* **Problem description**
The lines from the start of the records below through the line containing "# ---- collections" are to be copied exactly, both ends included, with nothing added.

* **Provided information**
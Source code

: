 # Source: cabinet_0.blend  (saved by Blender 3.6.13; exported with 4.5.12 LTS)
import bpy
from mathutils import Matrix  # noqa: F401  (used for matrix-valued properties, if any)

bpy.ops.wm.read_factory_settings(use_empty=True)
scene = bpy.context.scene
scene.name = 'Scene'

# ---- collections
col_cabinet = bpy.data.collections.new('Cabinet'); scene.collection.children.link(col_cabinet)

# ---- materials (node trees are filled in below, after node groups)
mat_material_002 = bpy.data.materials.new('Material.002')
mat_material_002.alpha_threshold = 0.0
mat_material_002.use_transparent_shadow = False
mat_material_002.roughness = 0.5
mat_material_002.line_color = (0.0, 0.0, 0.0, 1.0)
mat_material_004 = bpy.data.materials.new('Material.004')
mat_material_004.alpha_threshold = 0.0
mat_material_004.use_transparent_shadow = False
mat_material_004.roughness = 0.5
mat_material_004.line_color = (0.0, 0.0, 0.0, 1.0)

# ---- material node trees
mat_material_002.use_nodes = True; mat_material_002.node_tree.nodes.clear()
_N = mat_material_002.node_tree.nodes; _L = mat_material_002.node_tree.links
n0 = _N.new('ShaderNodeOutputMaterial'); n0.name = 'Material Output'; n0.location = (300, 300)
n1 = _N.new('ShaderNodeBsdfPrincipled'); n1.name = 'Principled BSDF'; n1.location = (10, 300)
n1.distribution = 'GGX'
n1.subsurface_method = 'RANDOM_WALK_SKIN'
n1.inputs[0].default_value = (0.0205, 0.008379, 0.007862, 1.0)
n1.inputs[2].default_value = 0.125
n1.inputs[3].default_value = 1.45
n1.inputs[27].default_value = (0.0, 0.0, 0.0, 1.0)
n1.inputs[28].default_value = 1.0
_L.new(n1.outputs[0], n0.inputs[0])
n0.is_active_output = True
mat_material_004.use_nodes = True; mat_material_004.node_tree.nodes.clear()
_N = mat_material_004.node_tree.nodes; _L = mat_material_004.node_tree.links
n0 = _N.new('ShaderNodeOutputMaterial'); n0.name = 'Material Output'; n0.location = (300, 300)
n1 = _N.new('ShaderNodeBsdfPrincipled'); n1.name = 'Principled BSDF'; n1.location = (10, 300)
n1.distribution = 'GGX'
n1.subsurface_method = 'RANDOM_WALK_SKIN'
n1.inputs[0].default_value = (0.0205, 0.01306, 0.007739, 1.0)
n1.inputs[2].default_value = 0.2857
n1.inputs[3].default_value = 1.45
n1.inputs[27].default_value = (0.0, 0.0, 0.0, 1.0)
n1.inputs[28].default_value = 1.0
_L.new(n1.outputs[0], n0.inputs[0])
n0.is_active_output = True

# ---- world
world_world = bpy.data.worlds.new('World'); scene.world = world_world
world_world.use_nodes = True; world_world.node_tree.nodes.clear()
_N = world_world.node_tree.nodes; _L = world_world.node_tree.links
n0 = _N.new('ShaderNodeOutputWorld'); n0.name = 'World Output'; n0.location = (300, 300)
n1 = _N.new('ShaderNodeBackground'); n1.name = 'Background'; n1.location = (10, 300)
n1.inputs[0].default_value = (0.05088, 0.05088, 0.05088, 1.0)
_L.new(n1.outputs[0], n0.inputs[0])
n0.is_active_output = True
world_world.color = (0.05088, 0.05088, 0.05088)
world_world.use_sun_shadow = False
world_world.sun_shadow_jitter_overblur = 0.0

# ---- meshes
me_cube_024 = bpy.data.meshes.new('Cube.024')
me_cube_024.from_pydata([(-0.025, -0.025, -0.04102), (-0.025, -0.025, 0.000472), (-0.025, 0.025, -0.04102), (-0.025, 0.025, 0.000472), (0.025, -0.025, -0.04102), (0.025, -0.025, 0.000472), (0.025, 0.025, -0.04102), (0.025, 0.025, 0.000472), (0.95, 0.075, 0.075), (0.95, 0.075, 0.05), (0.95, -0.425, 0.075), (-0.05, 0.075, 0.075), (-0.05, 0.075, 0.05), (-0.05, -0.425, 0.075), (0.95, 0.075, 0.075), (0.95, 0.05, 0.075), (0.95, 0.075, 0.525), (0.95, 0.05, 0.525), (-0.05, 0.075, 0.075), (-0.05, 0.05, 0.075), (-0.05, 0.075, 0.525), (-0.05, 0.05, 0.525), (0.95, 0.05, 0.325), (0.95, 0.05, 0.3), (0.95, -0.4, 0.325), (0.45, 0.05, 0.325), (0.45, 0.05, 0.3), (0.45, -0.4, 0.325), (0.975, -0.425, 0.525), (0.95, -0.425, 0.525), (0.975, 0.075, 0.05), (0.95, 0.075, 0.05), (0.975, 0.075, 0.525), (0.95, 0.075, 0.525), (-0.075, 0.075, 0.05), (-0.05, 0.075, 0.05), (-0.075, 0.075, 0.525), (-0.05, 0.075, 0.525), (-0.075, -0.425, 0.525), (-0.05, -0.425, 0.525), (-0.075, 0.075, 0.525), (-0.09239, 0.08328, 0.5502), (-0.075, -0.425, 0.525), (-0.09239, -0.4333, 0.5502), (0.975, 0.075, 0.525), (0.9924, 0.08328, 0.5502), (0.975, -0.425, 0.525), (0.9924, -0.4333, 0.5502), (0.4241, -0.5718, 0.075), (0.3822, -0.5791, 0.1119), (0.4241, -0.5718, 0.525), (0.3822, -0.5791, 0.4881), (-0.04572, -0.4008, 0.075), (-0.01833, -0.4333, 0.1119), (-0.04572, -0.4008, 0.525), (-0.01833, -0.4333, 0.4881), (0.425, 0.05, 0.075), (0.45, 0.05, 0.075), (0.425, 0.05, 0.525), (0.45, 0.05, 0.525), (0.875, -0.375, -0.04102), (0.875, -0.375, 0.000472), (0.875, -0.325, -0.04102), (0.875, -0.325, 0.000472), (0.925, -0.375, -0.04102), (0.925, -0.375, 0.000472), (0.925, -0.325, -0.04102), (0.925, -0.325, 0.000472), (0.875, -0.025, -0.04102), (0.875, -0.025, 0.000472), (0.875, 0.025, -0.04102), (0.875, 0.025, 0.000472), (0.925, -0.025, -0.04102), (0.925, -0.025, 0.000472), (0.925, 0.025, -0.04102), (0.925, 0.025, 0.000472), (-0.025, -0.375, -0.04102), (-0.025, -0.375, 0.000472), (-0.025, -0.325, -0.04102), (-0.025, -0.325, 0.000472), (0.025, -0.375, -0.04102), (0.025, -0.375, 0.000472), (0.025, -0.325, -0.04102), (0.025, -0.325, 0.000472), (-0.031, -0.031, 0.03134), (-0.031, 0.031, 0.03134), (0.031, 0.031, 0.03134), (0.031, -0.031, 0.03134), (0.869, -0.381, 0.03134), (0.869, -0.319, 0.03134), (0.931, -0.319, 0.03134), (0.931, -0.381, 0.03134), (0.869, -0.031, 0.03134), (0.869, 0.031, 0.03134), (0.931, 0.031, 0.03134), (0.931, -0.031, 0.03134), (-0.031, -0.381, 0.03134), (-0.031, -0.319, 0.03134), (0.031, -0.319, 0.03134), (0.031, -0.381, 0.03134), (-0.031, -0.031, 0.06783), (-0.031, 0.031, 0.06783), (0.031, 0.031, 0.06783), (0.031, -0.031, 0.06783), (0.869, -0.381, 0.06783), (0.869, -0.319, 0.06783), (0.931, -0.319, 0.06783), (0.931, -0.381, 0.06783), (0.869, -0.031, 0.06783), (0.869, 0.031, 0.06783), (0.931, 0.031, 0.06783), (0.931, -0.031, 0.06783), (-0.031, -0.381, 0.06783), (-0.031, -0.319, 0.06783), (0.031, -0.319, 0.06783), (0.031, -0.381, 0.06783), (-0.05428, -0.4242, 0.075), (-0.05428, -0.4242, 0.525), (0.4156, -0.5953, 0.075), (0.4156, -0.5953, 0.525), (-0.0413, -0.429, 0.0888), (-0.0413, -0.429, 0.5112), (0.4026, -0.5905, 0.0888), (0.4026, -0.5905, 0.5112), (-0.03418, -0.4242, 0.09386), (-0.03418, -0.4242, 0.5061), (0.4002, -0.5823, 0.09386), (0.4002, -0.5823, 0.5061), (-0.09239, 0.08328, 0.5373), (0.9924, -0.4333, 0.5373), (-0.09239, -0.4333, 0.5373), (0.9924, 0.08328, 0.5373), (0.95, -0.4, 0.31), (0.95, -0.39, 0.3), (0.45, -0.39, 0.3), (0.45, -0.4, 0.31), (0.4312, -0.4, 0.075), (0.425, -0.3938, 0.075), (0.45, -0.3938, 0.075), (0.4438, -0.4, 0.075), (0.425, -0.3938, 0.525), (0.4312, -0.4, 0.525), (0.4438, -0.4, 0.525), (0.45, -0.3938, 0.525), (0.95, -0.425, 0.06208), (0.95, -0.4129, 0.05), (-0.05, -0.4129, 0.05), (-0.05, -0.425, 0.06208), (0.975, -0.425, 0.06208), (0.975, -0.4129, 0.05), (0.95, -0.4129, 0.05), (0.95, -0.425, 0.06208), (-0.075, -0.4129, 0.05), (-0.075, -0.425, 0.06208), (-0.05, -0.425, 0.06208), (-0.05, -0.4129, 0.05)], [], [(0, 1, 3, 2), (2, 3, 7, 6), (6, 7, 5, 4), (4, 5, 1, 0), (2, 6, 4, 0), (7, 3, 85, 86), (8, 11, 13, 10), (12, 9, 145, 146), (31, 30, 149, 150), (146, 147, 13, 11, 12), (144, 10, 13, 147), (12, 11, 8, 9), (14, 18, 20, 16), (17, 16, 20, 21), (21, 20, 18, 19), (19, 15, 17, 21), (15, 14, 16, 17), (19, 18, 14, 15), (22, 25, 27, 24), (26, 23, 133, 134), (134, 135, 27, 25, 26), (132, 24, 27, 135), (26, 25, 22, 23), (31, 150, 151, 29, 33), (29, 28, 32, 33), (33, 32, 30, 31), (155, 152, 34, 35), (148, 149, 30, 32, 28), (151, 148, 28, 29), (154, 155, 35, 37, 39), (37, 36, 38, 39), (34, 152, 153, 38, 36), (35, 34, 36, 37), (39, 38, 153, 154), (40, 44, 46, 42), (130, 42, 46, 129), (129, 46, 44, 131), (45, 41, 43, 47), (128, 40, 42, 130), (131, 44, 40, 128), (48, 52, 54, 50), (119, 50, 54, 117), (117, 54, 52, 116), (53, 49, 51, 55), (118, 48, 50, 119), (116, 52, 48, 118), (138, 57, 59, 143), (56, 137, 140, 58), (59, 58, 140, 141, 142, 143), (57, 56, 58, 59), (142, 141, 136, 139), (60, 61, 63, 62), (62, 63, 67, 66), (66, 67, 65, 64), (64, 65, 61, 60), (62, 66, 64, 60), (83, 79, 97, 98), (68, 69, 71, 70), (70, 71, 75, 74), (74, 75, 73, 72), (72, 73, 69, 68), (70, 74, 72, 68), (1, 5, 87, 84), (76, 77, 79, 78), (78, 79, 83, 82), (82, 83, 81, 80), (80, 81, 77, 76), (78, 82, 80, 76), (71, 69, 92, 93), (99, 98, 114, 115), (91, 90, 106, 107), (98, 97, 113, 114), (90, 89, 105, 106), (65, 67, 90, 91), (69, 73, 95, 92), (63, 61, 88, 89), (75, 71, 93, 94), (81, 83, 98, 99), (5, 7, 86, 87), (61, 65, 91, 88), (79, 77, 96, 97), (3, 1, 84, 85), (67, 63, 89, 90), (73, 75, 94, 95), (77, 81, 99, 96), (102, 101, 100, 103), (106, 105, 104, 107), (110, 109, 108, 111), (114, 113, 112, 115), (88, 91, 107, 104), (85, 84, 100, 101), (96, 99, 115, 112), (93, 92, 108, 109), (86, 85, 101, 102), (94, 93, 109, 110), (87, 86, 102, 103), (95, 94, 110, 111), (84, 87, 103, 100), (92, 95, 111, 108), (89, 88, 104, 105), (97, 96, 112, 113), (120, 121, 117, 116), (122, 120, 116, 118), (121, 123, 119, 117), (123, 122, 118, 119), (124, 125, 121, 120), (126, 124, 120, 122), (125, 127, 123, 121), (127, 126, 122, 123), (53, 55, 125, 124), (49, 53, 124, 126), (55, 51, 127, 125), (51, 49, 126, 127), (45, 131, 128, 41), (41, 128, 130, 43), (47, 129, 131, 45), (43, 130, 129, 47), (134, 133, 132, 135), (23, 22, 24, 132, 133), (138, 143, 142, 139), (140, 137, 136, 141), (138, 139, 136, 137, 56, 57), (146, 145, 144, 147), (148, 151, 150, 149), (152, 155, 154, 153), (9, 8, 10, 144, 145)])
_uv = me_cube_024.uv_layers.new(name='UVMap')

* **Solution for this exercise**
Source code

: # Source: cabinet_0.blend  (saved by Blender 3.6.13; exported with 4.5.12 LTS)
import bpy
from mathutils import Matrix  # noqa: F401  (used for matrix-valued properties, if any)

bpy.ops.wm.read_factory_settings(use_empty=True)
scene = bpy.context.scene
scene.name = 'Scene'

# ---- collections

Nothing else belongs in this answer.